AI Use Policy
INTEGRATED acknowledges the rapid advancement of Artificial Intelligence (AI) in academic writing. To maintain research integrity, we establish the following guidelines regarding the use of AI tools in the publication process:
1. Guidelines for Authors
- Assistive AI Tools: The use of AI for basic language polishing, grammar correction, and structural formatting (e.g., Grammarly, spelling checkers) is fully permitted and does not require formal disclosure.
- Generative AI Tools: If AI models (e.g., ChatGPT, Gemini, Claude) are utilized to generate original text, data, code, or images, authors must explicitly disclose this in the manuscript (preferably in the Acknowledgments or Methodology section).
- Verification and Authorship: AI systems cannot be credited as authors or co-authors. Human authors bear full responsibility for the accuracy, originality, and validity of their manuscript. Authors must meticulously verify AI-generated content to prevent factual hallucinations, fabricated citations, and unintentional plagiarism.

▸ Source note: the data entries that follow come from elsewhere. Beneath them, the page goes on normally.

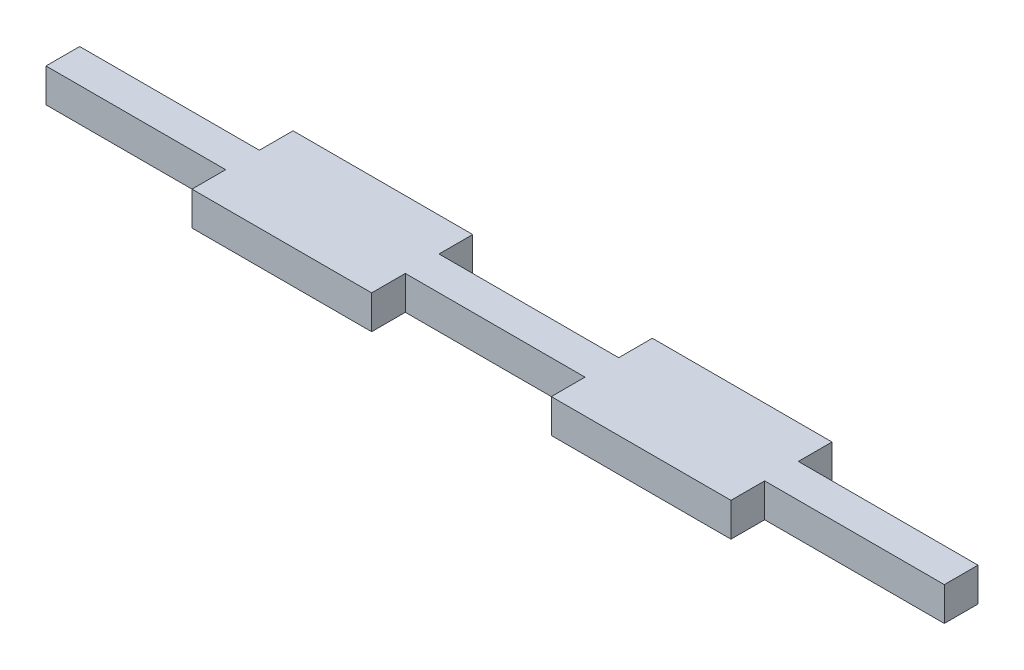
ISO-10303-21;
HEADER;
FILE_DESCRIPTION(('STEP AP214'),'2;1');
FILE_NAME('part.step','',(''),(''),'','','');
FILE_SCHEMA(('AUTOMOTIVE_DESIGN { 1 0 10303 214 1 1 1 1 }'));
ENDSEC;
DATA;
#1=APPLICATION_CONTEXT('core data for automotive mechanical design processes');
#2=APPLICATION_PROTOCOL_DEFINITION('international standard','automotive_design',2000,#1);
#3=PRODUCT_CONTEXT('',#1,'mechanical');
#4=PRODUCT('Part','Part','',(#3));
#5=PRODUCT_RELATED_PRODUCT_CATEGORY('part','',(#4));
#6=PRODUCT_DEFINITION_FORMATION('','',#4);
#7=PRODUCT_DEFINITION_CONTEXT('part definition',#1,'design');
#8=PRODUCT_DEFINITION('design','',#6,#7);
#9=PRODUCT_DEFINITION_SHAPE('','',#8);
#10=(LENGTH_UNIT() NAMED_UNIT(*) SI_UNIT(.MILLI.,.METRE.));
#11=(NAMED_UNIT(*) PLANE_ANGLE_UNIT() SI_UNIT($,.RADIAN.));
#12=(NAMED_UNIT(*) SI_UNIT($,.STERADIAN.) SOLID_ANGLE_UNIT());
#13=UNCERTAINTY_MEASURE_WITH_UNIT(LENGTH_MEASURE(1.E-05),#10,'distance_accuracy_value','');
#14=(GEOMETRIC_REPRESENTATION_CONTEXT(3) GLOBAL_UNCERTAINTY_ASSIGNED_CONTEXT((#13)) GLOBAL_UNIT_ASSIGNED_CONTEXT((#10,
#11,#12)) REPRESENTATION_CONTEXT('',''));
#15=CARTESIAN_POINT('',(0.,0.,0.));
#16=DIRECTION('',(0.,0.,1.));
#17=DIRECTION('',(1.,0.,0.));
#18=AXIS2_PLACEMENT_3D('',#15,#16,#17);
#19=CARTESIAN_POINT('',(-24.,3.,-1.5));
#20=DIRECTION('',(1.,0.,0.));
#21=DIRECTION('',(0.,0.,-1.));
#22=AXIS2_PLACEMENT_3D('',#19,#20,#21);
#23=PLANE('',#22);
#24=DIRECTION('',(0.,0.,1.));
#25=VECTOR('',#24,1.);
#26=CARTESIAN_POINT('',(-24.,0.,-1.5));
#27=LINE('',#26,#25);
#28=CARTESIAN_POINT('',(-24.,0.,-4.5));
#29=VERTEX_POINT('',#28);
#30=CARTESIAN_POINT('',(-24.,0.,-1.5));
#31=VERTEX_POINT('',#30);
#32=EDGE_CURVE('E201',#29,#31,#27,.T.);
#33=ORIENTED_EDGE('',*,*,#32,.T.);
#34=DIRECTION('',(0.,-1.,0.));
#35=VECTOR('',#34,1.);
#36=CARTESIAN_POINT('',(-24.,3.,-1.5));
#37=LINE('',#36,#35);
#38=CARTESIAN_POINT('',(-24.,3.,-1.5));
#39=VERTEX_POINT('',#38);
#40=EDGE_CURVE('E11',#39,#31,#37,.T.);
#41=ORIENTED_EDGE('',*,*,#40,.F.);
#42=DIRECTION('',(0.,0.,1.));
#43=VECTOR('',#42,1.);
#44=CARTESIAN_POINT('',(-24.,3.,-1.5));
#45=LINE('',#44,#43);
#46=CARTESIAN_POINT('',(-24.,3.,-4.5));
#47=VERTEX_POINT('',#46);
#48=EDGE_CURVE('E239',#47,#39,#45,.T.);
#49=ORIENTED_EDGE('',*,*,#48,.F.);
#50=DIRECTION('',(0.,-1.,0.));
#51=VECTOR('',#50,1.);
#52=CARTESIAN_POINT('',(-24.,3.,-4.5));
#53=LINE('',#52,#51);
#54=EDGE_CURVE('E197',#47,#29,#53,.T.);
#55=ORIENTED_EDGE('',*,*,#54,.T.);
#56=EDGE_LOOP('',(#33,#41,#49,#55));
#57=FACE_BOUND('',#56,.T.);
#58=ADVANCED_FACE('F33',(#57),#23,.F.);
#59=CARTESIAN_POINT('',(-40.,3.,-1.5));
#60=DIRECTION('',(0.,0.,1.));
#61=DIRECTION('',(1.,0.,0.));
#62=AXIS2_PLACEMENT_3D('',#59,#60,#61);
#63=PLANE('',#62);
#64=DIRECTION('',(-1.,0.,0.));
#65=VECTOR('',#64,1.);
#66=CARTESIAN_POINT('',(-40.,0.,-1.5));
#67=LINE('',#66,#65);
#68=CARTESIAN_POINT('',(-40.,0.,-1.5));
#69=VERTEX_POINT('',#68);
#70=EDGE_CURVE('E204',#31,#69,#67,.T.);
#71=ORIENTED_EDGE('',*,*,#70,.T.);
#72=DIRECTION('',(0.,-1.,0.));
#73=VECTOR('',#72,1.);
#74=CARTESIAN_POINT('',(-40.,3.,-1.5));
#75=LINE('',#74,#73);
#76=CARTESIAN_POINT('',(-40.,3.,-1.5));
#77=VERTEX_POINT('',#76);
#78=EDGE_CURVE('E41',#77,#69,#75,.T.);
#79=ORIENTED_EDGE('',*,*,#78,.F.);
#80=DIRECTION('',(-1.,0.,0.));
#81=VECTOR('',#80,1.);
#82=CARTESIAN_POINT('',(-40.,3.,-1.5));
#83=LINE('',#82,#81);
#84=EDGE_CURVE('E128',#39,#77,#83,.T.);
#85=ORIENTED_EDGE('',*,*,#84,.F.);
#86=ORIENTED_EDGE('',*,*,#40,.T.);
#87=EDGE_LOOP('',(#71,#79,#85,#86));
#88=FACE_BOUND('',#87,.T.);
#89=ADVANCED_FACE('F357',(#88),#63,.F.);
#90=CARTESIAN_POINT('',(-40.,3.,1.5));
#91=DIRECTION('',(1.,0.,0.));
#92=DIRECTION('',(0.,0.,-1.));
#93=AXIS2_PLACEMENT_3D('',#90,#91,#92);
#94=PLANE('',#93);
#95=DIRECTION('',(0.,0.,1.));
#96=VECTOR('',#95,1.);
#97=CARTESIAN_POINT('',(-40.,0.,1.5));
#98=LINE('',#97,#96);
#99=CARTESIAN_POINT('',(-40.,0.,1.5));
#100=VERTEX_POINT('',#99);
#101=EDGE_CURVE('E206',#69,#100,#98,.T.);
#102=ORIENTED_EDGE('',*,*,#101,.T.);
#103=DIRECTION('',(0.,-1.,0.));
#104=VECTOR('',#103,1.);
#105=CARTESIAN_POINT('',(-40.,3.,1.5));
#106=LINE('',#105,#104);
#107=CARTESIAN_POINT('',(-40.,3.,1.5));
#108=VERTEX_POINT('',#107);
#109=EDGE_CURVE('E282',#108,#100,#106,.T.);
#110=ORIENTED_EDGE('',*,*,#109,.F.);
#111=DIRECTION('',(0.,0.,1.));
#112=VECTOR('',#111,1.);
#113=CARTESIAN_POINT('',(-40.,3.,1.5));
#114=LINE('',#113,#112);
#115=EDGE_CURVE('E290',#77,#108,#114,.T.);
#116=ORIENTED_EDGE('',*,*,#115,.F.);
#117=ORIENTED_EDGE('',*,*,#78,.T.);
#118=EDGE_LOOP('',(#102,#110,#116,#117));
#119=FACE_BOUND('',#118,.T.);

2. Guidelines for Reviewers and Editors
- Confidentiality: Peer reviewers and editors are strictly prohibited from uploading unpublished manuscripts into public generative AI platforms to create summaries or evaluation reports. Doing so violates author confidentiality and intellectual property rights.
- Assistive Use: Reviewers may use assistive AI solely to refine the grammar and clarity of their own review reports, provided the core intellectual evaluation is entirely human-driven.
3. Violations and Accountability
Failure to disclose the substantial use of generative AI, or the submission of hallucinated data, will result in immediate rejection. Post-publication discovery of unethical AI use may lead to formal corrections or retraction of the article.